There's a Chinese proverb you've probably already heard around the traps: "The best time to plant a tree was twenty years ago. The second-best time is now".
The same could be said of real estate investment, except I'd add one caveat: "The second-best time to invest in real estate is when you can afford it."
You might be keeping an eye on whether property values are on the rise or ready to fall before you pull the rip cord. Or maybe you're trying to decide if mortgage rates are going to climb back up before you search for an investment property. And these are most definitely important metrics to keep in mind when trying to determine the right time to invest.
But, ultimately, trying to decide when the market is perfect is a zero-sum game. These things are almost impossible to predict.
It's also problematic if you believe that investing in property is going to make you money because it always has in the past.
In fact, the latter is a common rookie investor mistake-one that as many as 56% of Australian investors are making when selecting a property for investment, according to a recent ME Bank survey.
When asked by ME Bank what made them confident that their property investment would make them money, the majority of the 1500 respondents said it was because Australian house prices have always gone up in the past.
This attitude breaks the golden rule of investing - one should never use past performance as a guide for future success.
Additionally, 11% responded that their investment must be safe because so many others were investing in property (i.e. there's safety in numbers), while only 34% were confident because they'd analysed the market or sought advice.
And while it's true that analysts note there's been a whopping 6556% growth in property assets over the last 55 years, that's no reason to throw caution to the wind, particularly as property prices are currently so high and interest rates are so low.
Because, if there's anything the recent pandemic has taught us, it's that the world can change on a dime.
Studies show we humans aren't always rational when making financial decisions, often bucking the advice of analysis. That's because our bias towards experiential learning leads us to believe we'll have an equally good investment experience when we see others doing so.

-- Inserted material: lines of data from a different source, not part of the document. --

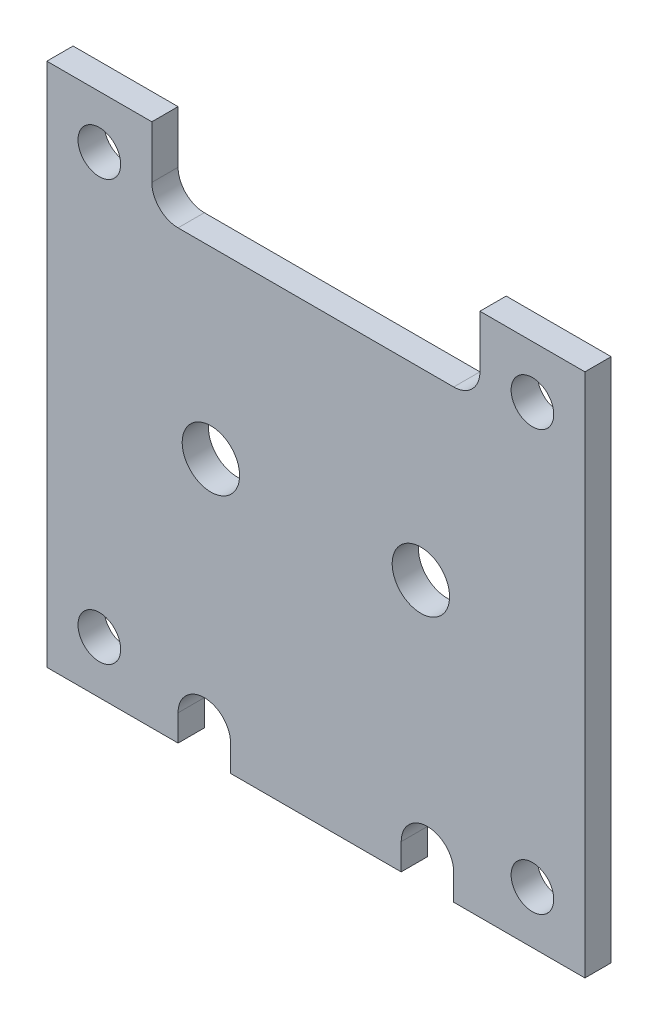
ISO-10303-21;
HEADER;
FILE_DESCRIPTION(('STEP AP214'),'2;1');
FILE_NAME('part.step','',(''),(''),'','','');
FILE_SCHEMA(('AUTOMOTIVE_DESIGN { 1 0 10303 214 1 1 1 1 }'));
ENDSEC;
DATA;
#1=APPLICATION_CONTEXT('core data for automotive mechanical design processes');
#2=APPLICATION_PROTOCOL_DEFINITION('international standard','automotive_design',2000,#1);
#3=PRODUCT_CONTEXT('',#1,'mechanical');
#4=PRODUCT('Part','Part','',(#3));
#5=PRODUCT_RELATED_PRODUCT_CATEGORY('part','',(#4));
#6=PRODUCT_DEFINITION_FORMATION('','',#4);
#7=PRODUCT_DEFINITION_CONTEXT('part definition',#1,'design');
#8=PRODUCT_DEFINITION('design','',#6,#7);
#9=PRODUCT_DEFINITION_SHAPE('','',#8);
#10=(LENGTH_UNIT() NAMED_UNIT(*) SI_UNIT(.MILLI.,.METRE.));
#11=(NAMED_UNIT(*) PLANE_ANGLE_UNIT() SI_UNIT($,.RADIAN.));
#12=(NAMED_UNIT(*) SI_UNIT($,.STERADIAN.) SOLID_ANGLE_UNIT());
#13=UNCERTAINTY_MEASURE_WITH_UNIT(LENGTH_MEASURE(1.E-05),#10,'distance_accuracy_value','');
#14=(GEOMETRIC_REPRESENTATION_CONTEXT(3) GLOBAL_UNCERTAINTY_ASSIGNED_CONTEXT((#13)) GLOBAL_UNIT_ASSIGNED_CONTEXT((#10,
#11,#12)) REPRESENTATION_CONTEXT('',''));
#15=CARTESIAN_POINT('',(0.,0.,0.));
#16=DIRECTION('',(0.,0.,1.));
#17=DIRECTION('',(1.,0.,0.));
#18=AXIS2_PLACEMENT_3D('',#15,#16,#17);
#19=CARTESIAN_POINT('',(65.0875,63.5,-6.35));
#20=DIRECTION('',(0.,0.,-1.));
#21=DIRECTION('',(-1.,0.,0.));
#22=AXIS2_PLACEMENT_3D('',#19,#20,#21);
#23=PLANE('',#22);
#24=CARTESIAN_POINT('',(25.4,0.,-6.35));
#25=DIRECTION('',(0.,0.,-1.));
#26=DIRECTION('',(-1.,0.,0.));
#27=AXIS2_PLACEMENT_3D('',#24,#25,#26);
#28=CIRCLE('',#27,6.94562999999999);
#29=CARTESIAN_POINT('',(18.45437,0.,-6.35));
#30=VERTEX_POINT('',#29);
#31=EDGE_CURVE('E376',#30,#30,#28,.T.);
#32=ORIENTED_EDGE('',*,*,#31,.F.);
#33=EDGE_LOOP('',(#32));
#34=FACE_BOUND('',#33,.T.);
#35=CARTESIAN_POINT('',(-25.4,0.,-6.35));
#36=DIRECTION('',(0.,0.,-1.));
#37=DIRECTION('',(-1.,0.,0.));
#38=AXIS2_PLACEMENT_3D('',#35,#36,#37);
#39=CIRCLE('',#38,6.94562999999999);
#40=CARTESIAN_POINT('',(-32.34563,0.,-6.35));
#41=VERTEX_POINT('',#40);
#42=EDGE_CURVE('E370',#41,#41,#39,.T.);
#43=ORIENTED_EDGE('',*,*,#42,.F.);
#44=EDGE_LOOP('',(#43));
#45=FACE_BOUND('',#44,.T.);
#46=CARTESIAN_POINT('',(-52.3875,50.8,-6.35));
#47=DIRECTION('',(0.,0.,1.));
#48=DIRECTION('',(1.,0.,0.));
#49=AXIS2_PLACEMENT_3D('',#46,#47,#48);
#50=CIRCLE('',#49,5.15873999999999);
#51=CARTESIAN_POINT('',(-47.22876,50.8,-6.35));
#52=VERTEX_POINT('',#51);
#53=EDGE_CURVE('E241',#52,#52,#50,.T.);
#54=ORIENTED_EDGE('',*,*,#53,.T.);
#55=EDGE_LOOP('',(#54));
#56=FACE_BOUND('',#55,.T.);
#57=CARTESIAN_POINT('',(52.3875,50.8,-6.35));
#58=DIRECTION('',(0.,0.,1.));
#59=DIRECTION('',(1.,0.,0.));
#60=AXIS2_PLACEMENT_3D('',#57,#58,#59);
#61=CIRCLE('',#60,5.15873999999999);
#62=CARTESIAN_POINT('',(57.54624,50.8,-6.35));
#63=VERTEX_POINT('',#62);
#64=EDGE_CURVE('E247',#63,#63,#61,.T.);
#65=ORIENTED_EDGE('',*,*,#64,.T.);
#66=EDGE_LOOP('',(#65));
#67=FACE_BOUND('',#66,.T.);
#68=CARTESIAN_POINT('',(52.3875,-50.8,-6.35));
#69=DIRECTION('',(0.,0.,1.));
#70=DIRECTION('',(1.,0.,0.));
#71=AXIS2_PLACEMENT_3D('',#68,#69,#70);
#72=CIRCLE('',#71,5.15873999999999);
#73=CARTESIAN_POINT('',(57.54624,-50.8,-6.35));
#74=VERTEX_POINT('',#73);
#75=EDGE_CURVE('E253',#74,#74,#72,.T.);
#76=ORIENTED_EDGE('',*,*,#75,.T.);
#77=EDGE_LOOP('',(#76));
#78=FACE_BOUND('',#77,.T.);
#79=CARTESIAN_POINT('',(-52.3875,-50.8,-6.35));
#80=DIRECTION('',(0.,0.,1.));
#81=DIRECTION('',(1.,0.,0.));
#82=AXIS2_PLACEMENT_3D('',#79,#80,#81);
#83=CIRCLE('',#82,5.15873999999999);
#84=CARTESIAN_POINT('',(-47.22876,-50.8,-6.35));
#85=VERTEX_POINT('',#84);
#86=EDGE_CURVE('E259',#85,#85,#83,.T.);
#87=ORIENTED_EDGE('',*,*,#86,.T.);
#88=EDGE_LOOP('',(#87));
#89=FACE_BOUND('',#88,.T.);
#90=DIRECTION('',(0.,1.,0.));
#91=VECTOR('',#90,1.);
#92=CARTESIAN_POINT('',(-20.6375,-63.5,-6.35));
#93=LINE('',#92,#91);
#94=CARTESIAN_POINT('',(-20.6375,-63.5,-6.35));
#95=VERTEX_POINT('',#94);
#96=CARTESIAN_POINT('',(-20.6375,-57.15,-6.35));
#97=VERTEX_POINT('',#96);
#98=EDGE_CURVE('E176',#95,#97,#93,.T.);
#99=ORIENTED_EDGE('',*,*,#98,.T.);
#100=CARTESIAN_POINT('',(-26.9875,-57.15,-6.35));
#101=DIRECTION('',(0.,0.,1.));
#102=DIRECTION('',(1.,0.,0.));
#103=AXIS2_PLACEMENT_3D('',#100,#101,#102);
#104=CIRCLE('',#103,6.35);
#105=CARTESIAN_POINT('',(-33.3375,-57.15,-6.35));
#106=VERTEX_POINT('',#105);
#107=EDGE_CURVE('E159',#97,#106,#104,.T.);
#108=ORIENTED_EDGE('',*,*,#107,.T.);
#109=DIRECTION('',(0.,-1.,0.));
#110=VECTOR('',#109,1.);
#111=CARTESIAN_POINT('',(-33.3375,-63.5,-6.35));
#112=LINE('',#111,#110);
#113=CARTESIAN_POINT('',(-33.3375,-63.5,-6.35));
#114=VERTEX_POINT('',#113);
#115=EDGE_CURVE('E173',#106,#114,#112,.T.);
#116=ORIENTED_EDGE('',*,*,#115,.T.);
#117=DIRECTION('',(1.,0.,0.));
#118=VECTOR('',#117,1.);
#119=CARTESIAN_POINT('',(-65.0875,-63.5,-6.35));
#120=LINE('',#119,#118);
#121=CARTESIAN_POINT('',(-65.0875,-63.5,-6.35));
#122=VERTEX_POINT('',#121);
#123=EDGE_CURVE('E275',#122,#114,#120,.T.);
#124=ORIENTED_EDGE('',*,*,#123,.F.);
#125=DIRECTION('',(0.,-1.,0.));
#126=VECTOR('',#125,1.);
#127=CARTESIAN_POINT('',(-65.0875,-63.5,-6.35));
#128=LINE('',#127,#126);
#129=CARTESIAN_POINT('',(-65.0875,63.5,-6.35));
#130=VERTEX_POINT('',#129);
#131=EDGE_CURVE('E271',#130,#122,#128,.T.);
#132=ORIENTED_EDGE('',*,*,#131,.F.);
#133=DIRECTION('',(-1.,0.,0.));
#134=VECTOR('',#133,1.);
#135=CARTESIAN_POINT('',(-65.0875,63.5,-6.35));
#136=LINE('',#135,#134);
#137=CARTESIAN_POINT('',(-39.6875,63.5,-6.35));
#138=VERTEX_POINT('',#137);
#139=EDGE_CURVE('E266',#138,#130,#136,.T.);
#140=ORIENTED_EDGE('',*,*,#139,.F.);
#141=DIRECTION('',(0.,-1.,0.));
#142=VECTOR('',#141,1.);
#143=CARTESIAN_POINT('',(-39.6875,63.5,-6.35));
#144=LINE('',#143,#142);
#145=CARTESIAN_POINT('',(-39.6875,50.8,-6.35));
#146=VERTEX_POINT('',#145);
#147=EDGE_CURVE('E220',#138,#146,#144,.T.);
#148=ORIENTED_EDGE('',*,*,#147,.T.);
#149=CARTESIAN_POINT('',(-33.3375,50.8,-6.35));
#150=DIRECTION('',(0.,0.,-1.));
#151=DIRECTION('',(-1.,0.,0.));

So, if you're currently considering a property investment, remember to always remain objective about an opportunity. Analysis and advice is always the best basis for making any investment decision, particularly if you're tempted to rely on past performance or basing your decision on what other investors are doing.
It's also important to acknowledge that Australia's property market is diverse - properties do not perform equally at any one time. For example, as Melbourne, Hobart and Sydney markets grew in recent years, Perth experienced a downturn and new Brisbane apartments outstripped demand.
If you have a good credit rating, low debt levels and the funds to support a long-term investment, by all means, now is a good time for you to invest in property. But if you can't quite afford it right now, don't-a better opportunity will likely present itself.